[Records from a dataset]
%%
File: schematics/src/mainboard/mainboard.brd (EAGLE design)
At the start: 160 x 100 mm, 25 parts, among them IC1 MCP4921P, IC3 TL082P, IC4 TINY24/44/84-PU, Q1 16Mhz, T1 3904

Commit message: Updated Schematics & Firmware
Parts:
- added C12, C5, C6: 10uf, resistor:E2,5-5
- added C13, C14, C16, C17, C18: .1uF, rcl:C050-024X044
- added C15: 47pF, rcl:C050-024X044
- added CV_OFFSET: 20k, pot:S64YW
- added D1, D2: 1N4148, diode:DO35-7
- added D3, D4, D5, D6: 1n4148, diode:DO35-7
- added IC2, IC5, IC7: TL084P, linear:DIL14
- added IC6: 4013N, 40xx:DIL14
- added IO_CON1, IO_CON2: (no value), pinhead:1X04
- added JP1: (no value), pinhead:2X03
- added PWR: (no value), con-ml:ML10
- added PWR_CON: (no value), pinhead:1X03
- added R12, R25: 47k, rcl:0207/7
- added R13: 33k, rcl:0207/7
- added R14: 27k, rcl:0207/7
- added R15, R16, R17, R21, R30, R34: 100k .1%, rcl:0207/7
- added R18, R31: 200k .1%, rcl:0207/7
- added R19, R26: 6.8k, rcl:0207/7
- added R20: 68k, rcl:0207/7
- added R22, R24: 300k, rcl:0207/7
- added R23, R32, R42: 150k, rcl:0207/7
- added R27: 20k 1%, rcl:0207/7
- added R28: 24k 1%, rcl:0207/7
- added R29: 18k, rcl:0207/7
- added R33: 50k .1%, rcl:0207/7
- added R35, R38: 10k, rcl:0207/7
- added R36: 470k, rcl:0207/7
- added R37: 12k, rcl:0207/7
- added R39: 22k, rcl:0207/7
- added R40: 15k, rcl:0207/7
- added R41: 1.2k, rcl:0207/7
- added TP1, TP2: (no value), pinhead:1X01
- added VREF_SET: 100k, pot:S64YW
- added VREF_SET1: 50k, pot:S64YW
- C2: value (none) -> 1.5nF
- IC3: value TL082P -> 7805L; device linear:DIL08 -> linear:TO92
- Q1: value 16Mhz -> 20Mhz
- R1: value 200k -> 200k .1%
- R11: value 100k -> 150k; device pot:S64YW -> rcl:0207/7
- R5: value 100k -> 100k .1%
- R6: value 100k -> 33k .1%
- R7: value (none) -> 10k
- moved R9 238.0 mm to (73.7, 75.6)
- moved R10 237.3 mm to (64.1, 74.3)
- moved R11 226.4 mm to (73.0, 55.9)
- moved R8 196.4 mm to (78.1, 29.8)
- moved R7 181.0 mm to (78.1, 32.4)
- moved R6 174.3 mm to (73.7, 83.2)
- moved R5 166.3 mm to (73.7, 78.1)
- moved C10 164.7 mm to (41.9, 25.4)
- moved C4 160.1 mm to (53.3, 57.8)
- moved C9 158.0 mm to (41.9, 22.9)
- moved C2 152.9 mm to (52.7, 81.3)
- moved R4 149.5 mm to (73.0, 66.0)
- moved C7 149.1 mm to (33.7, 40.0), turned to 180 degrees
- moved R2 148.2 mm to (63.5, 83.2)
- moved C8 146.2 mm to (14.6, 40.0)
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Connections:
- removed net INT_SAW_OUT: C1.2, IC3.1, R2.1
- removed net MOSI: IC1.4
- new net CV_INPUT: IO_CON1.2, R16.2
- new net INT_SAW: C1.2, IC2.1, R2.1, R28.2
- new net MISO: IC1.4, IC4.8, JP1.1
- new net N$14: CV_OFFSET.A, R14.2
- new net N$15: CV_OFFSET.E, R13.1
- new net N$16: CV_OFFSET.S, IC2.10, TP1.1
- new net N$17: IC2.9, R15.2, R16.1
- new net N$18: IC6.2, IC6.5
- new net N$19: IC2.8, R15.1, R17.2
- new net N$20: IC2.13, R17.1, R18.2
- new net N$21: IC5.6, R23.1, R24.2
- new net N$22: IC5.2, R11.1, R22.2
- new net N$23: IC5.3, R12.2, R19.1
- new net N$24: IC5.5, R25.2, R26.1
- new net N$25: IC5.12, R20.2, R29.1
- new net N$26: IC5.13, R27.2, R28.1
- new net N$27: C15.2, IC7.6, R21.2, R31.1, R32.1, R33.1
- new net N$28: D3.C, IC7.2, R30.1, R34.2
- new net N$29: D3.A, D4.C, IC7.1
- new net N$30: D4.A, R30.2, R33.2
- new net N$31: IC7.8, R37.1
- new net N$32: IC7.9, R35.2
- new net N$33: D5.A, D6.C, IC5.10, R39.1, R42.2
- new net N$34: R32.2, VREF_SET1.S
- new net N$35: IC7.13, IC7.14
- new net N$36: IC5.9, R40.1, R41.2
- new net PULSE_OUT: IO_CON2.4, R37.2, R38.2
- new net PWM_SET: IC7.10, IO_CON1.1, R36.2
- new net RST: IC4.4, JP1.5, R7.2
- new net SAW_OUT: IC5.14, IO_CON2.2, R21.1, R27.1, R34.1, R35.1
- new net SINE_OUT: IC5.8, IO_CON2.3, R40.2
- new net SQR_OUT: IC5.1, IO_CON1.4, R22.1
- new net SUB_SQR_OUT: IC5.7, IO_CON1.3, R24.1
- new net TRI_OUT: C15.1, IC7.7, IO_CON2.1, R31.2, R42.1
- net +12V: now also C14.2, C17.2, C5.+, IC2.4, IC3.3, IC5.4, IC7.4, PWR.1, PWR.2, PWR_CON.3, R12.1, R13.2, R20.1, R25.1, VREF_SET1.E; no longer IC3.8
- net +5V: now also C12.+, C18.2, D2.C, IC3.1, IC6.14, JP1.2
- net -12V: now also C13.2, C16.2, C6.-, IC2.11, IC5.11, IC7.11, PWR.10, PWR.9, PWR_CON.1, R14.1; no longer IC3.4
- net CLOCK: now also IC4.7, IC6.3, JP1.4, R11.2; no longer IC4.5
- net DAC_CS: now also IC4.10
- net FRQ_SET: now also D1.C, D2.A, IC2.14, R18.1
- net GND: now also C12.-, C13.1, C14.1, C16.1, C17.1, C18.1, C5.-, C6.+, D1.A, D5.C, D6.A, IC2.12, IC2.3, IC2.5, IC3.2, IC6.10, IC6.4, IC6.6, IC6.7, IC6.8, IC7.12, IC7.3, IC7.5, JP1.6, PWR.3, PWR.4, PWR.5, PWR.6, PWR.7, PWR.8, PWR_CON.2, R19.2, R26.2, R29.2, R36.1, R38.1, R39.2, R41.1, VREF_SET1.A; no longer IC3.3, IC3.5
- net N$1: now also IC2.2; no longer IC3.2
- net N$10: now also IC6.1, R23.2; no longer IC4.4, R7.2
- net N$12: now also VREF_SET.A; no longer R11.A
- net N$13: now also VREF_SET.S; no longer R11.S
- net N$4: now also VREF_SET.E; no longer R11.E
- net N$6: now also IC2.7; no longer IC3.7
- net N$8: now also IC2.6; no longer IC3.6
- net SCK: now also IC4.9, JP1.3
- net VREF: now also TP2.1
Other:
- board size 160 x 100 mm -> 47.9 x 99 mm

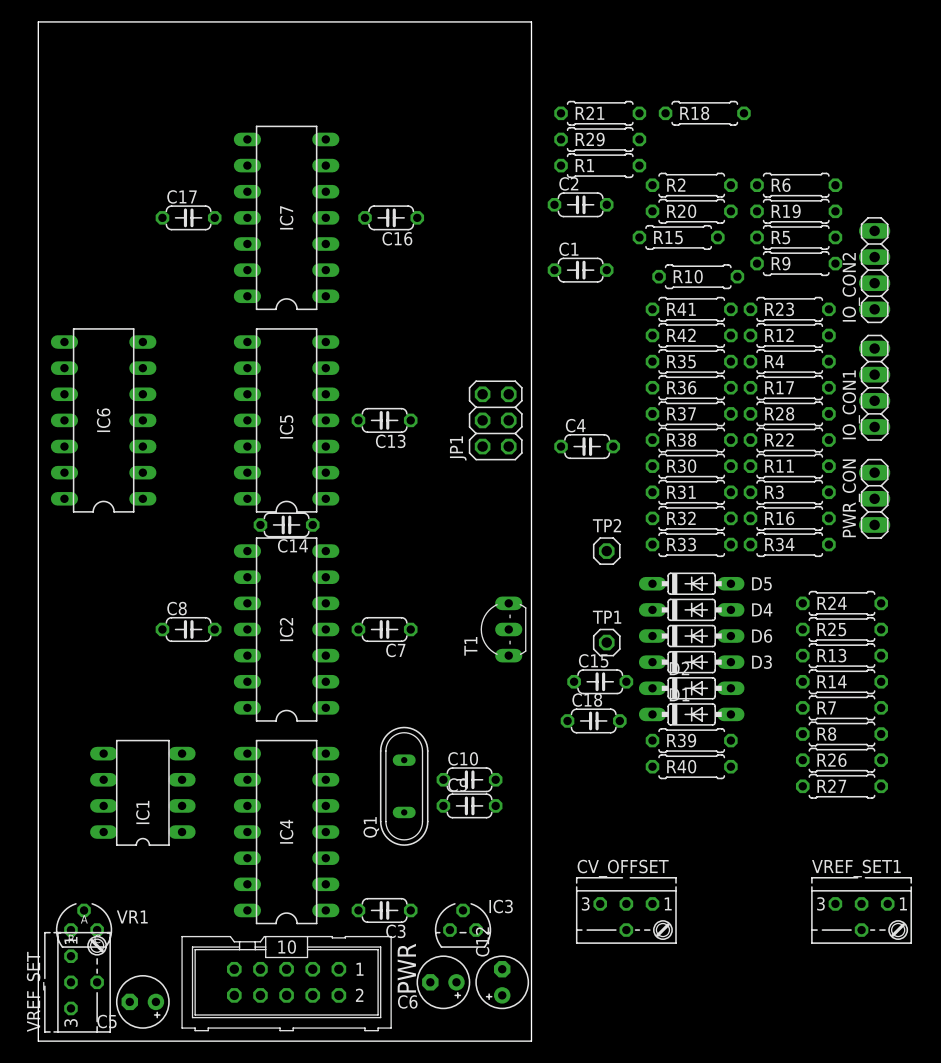
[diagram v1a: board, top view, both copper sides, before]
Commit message: Updated Schematics, Fixed Power Socket orientation
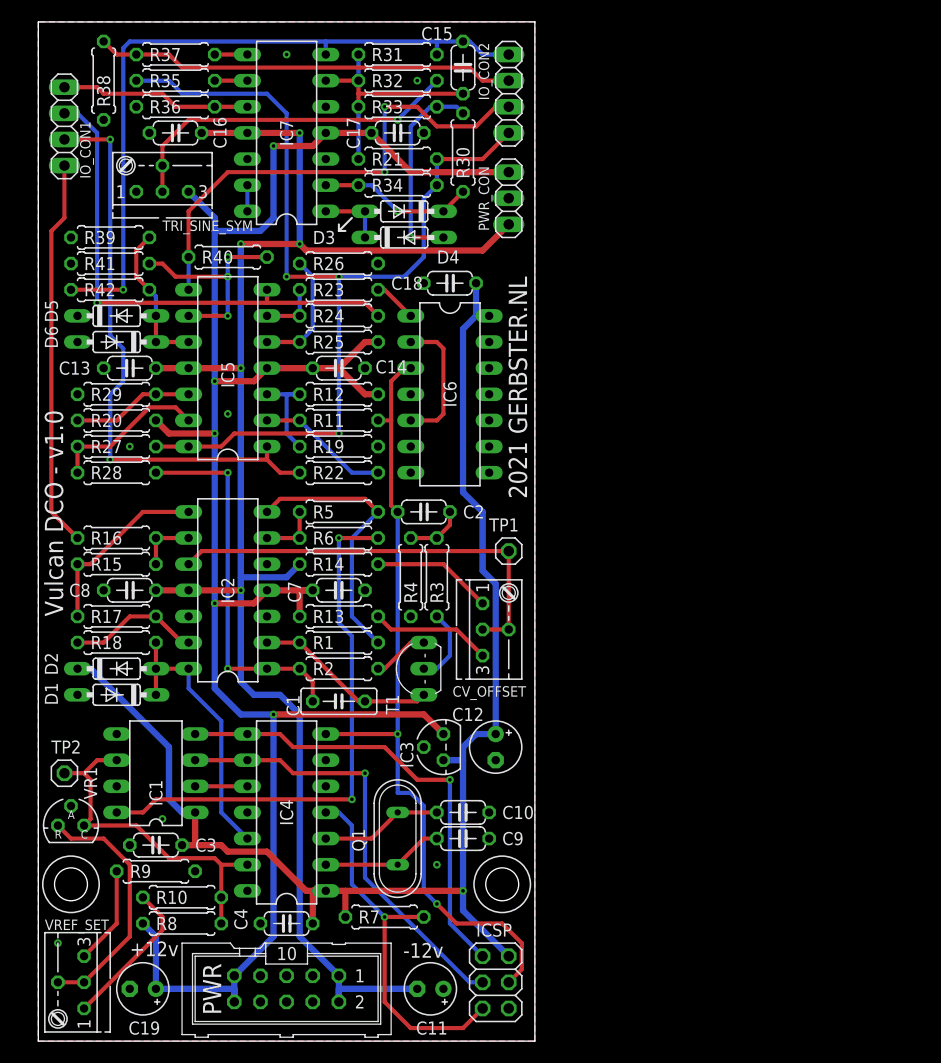
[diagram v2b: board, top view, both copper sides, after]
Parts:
- removed C5, C6: 10uf, resistor:E2,5-5
- removed JP1: (no value), pinhead:2X03
- removed VREF_SET1: 50k, pot:S64YW
- added C11, C19: 10uf, resistor:E2,5-5
- added ICSP: (no value), pinhead:2X03
- added TRI_SINE_SYM: 50k, pot:S64YW
- C1: device rcl:C050-024X044 -> rcl:C050-025X075
- moved R9 85.8 mm to (11.4, 16.5), turned to 180 degrees
- moved IO_CON1 82.7 mm to (2.54, 88.9), turned to 270 degrees
- moved R10 78.5 mm to (14.0, 14.0)
- moved R27 77.8 mm to (7.62, 57.8), turned to 180 degrees
- moved R18 76.9 mm to (7.62, 38.7), turned to 180 degrees
- moved R39 74.7 mm to (6.99, 78.1), turned to 180 degrees
- moved R17 69.1 mm to (7.62, 41.3), turned to 180 degrees
- moved R26 68.7 mm to (29.2, 75.6)
- moved R40 67.0 mm to (18.4, 76.2), turned to 180 degrees
- moved R38 67.0 mm to (6.35, 93.3), turned to 90 degrees
- moved R8 66.7 mm to (14.0, 11.4)
- moved R28 65.7 mm to (7.62, 55.2)
- moved R16 65.4 mm to (7.62, 48.9), turned to 180 degrees
- moved R15 63.2 mm to (7.62, 46.4)
- moved D6 62.8 mm to (7.62, 67.9), turned to 180 degrees
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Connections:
- net +12V: now also C19.+, PWR.10, PWR.9, TRI_SINE_SYM.E; no longer C5.+, PWR.1, PWR.2, VREF_SET1.E
- net +5V: now also ICSP.2; no longer JP1.2
- net -12V: now also C11.-, PWR.1, PWR.2; no longer C6.-, PWR.10, PWR.9
- net CLOCK: now also ICSP.4; no longer JP1.4
- net CV_INPUT: now also IO_CON1.4; no longer IO_CON1.2
- net GND: now also C11.+, C19.-, ICSP.6, TRI_SINE_SYM.A; no longer C5.-, C6.+, JP1.6, VREF_SET1.A
- net MISO: now also ICSP.1; no longer JP1.1
- net N$34: now also TRI_SINE_SYM.S; no longer VREF_SET1.S
- net PULSE_OUT: now also IO_CON2.3; no longer IO_CON2.4
- net RST: now also ICSP.5; no longer JP1.5
- net SAW_OUT: now also IO_CON2.1; no longer IO_CON2.2
- net SCK: now also ICSP.3; no longer JP1.3
- net SINE_OUT: now also IO_CON2.2; no longer IO_CON2.3
- net SQR_OUT: now also IO_CON1.3; no longer IO_CON1.4
- net SUB_SQR_OUT: now also IO_CON1.2; no longer IO_CON1.3
- net TRI_OUT: now also IO_CON2.4; no longer IO_CON2.1
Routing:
- net +12V: track 0.00 -> 199.3 mm, vias 0 -> 5
- net -12V: track 0.00 -> 158.4 mm, vias 0 -> 5
- net +5V: track 0.00 -> 132.9 mm, vias 0 -> 1
- net SAW_OUT: track 0.00 -> 97.6 mm, vias 0 -> 3
- net CLOCK: track 0.00 -> 78.2 mm, vias 0 -> 2
- net TRI_OUT: track 0.00 -> 69.4 mm, vias 0 -> 1
- net SQR_OUT: track 0.00 -> 56.8 mm, vias 0 -> 2
- net N$9: track 0.00 -> 53.1 mm, vias 0 -> 2
- net SUB_SQR_OUT: track 0.00 -> 49.6 mm, vias 0 -> 1
- net SINE_OUT: track 0.00 -> 48.2 mm, vias 0 -> 2
- net MISO: track 0.00 -> 45.1 mm, vias 0 -> 1
- net SCK: track 0.00 -> 42.8 mm, vias 0 -> 1
- net N$16: track 0.00 -> 41.8 mm
- net PULSE_OUT: track 0.00 -> 40.9 mm
- net CV_INPUT: track 0.00 -> 37.8 mm
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- added copper zone on layer 1, net GND
- added copper zone on layer 16, net GND
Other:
- board size 47.9 x 99 mm -> 48.3 x 99.1 mm
- board text added: "+12v"
- board text added: "-12v"
- board text added: "2021 GERBSTER.NL"
- board text added: "Vulcan DCO - v1.0"
%%
# BRIEF
Copy out each line of the entries where the word "CLOCK" is found.

# OUTPUT FOR THIS EXERCISE
- net CLOCK: now also IC4.7, IC6.3, JP1.4, R11.2; no longer IC4.5
- net CLOCK: now also ICSP.4; no longer JP1.4
- net CLOCK: track 0.00 -> 78.2 mm, vias 0 -> 2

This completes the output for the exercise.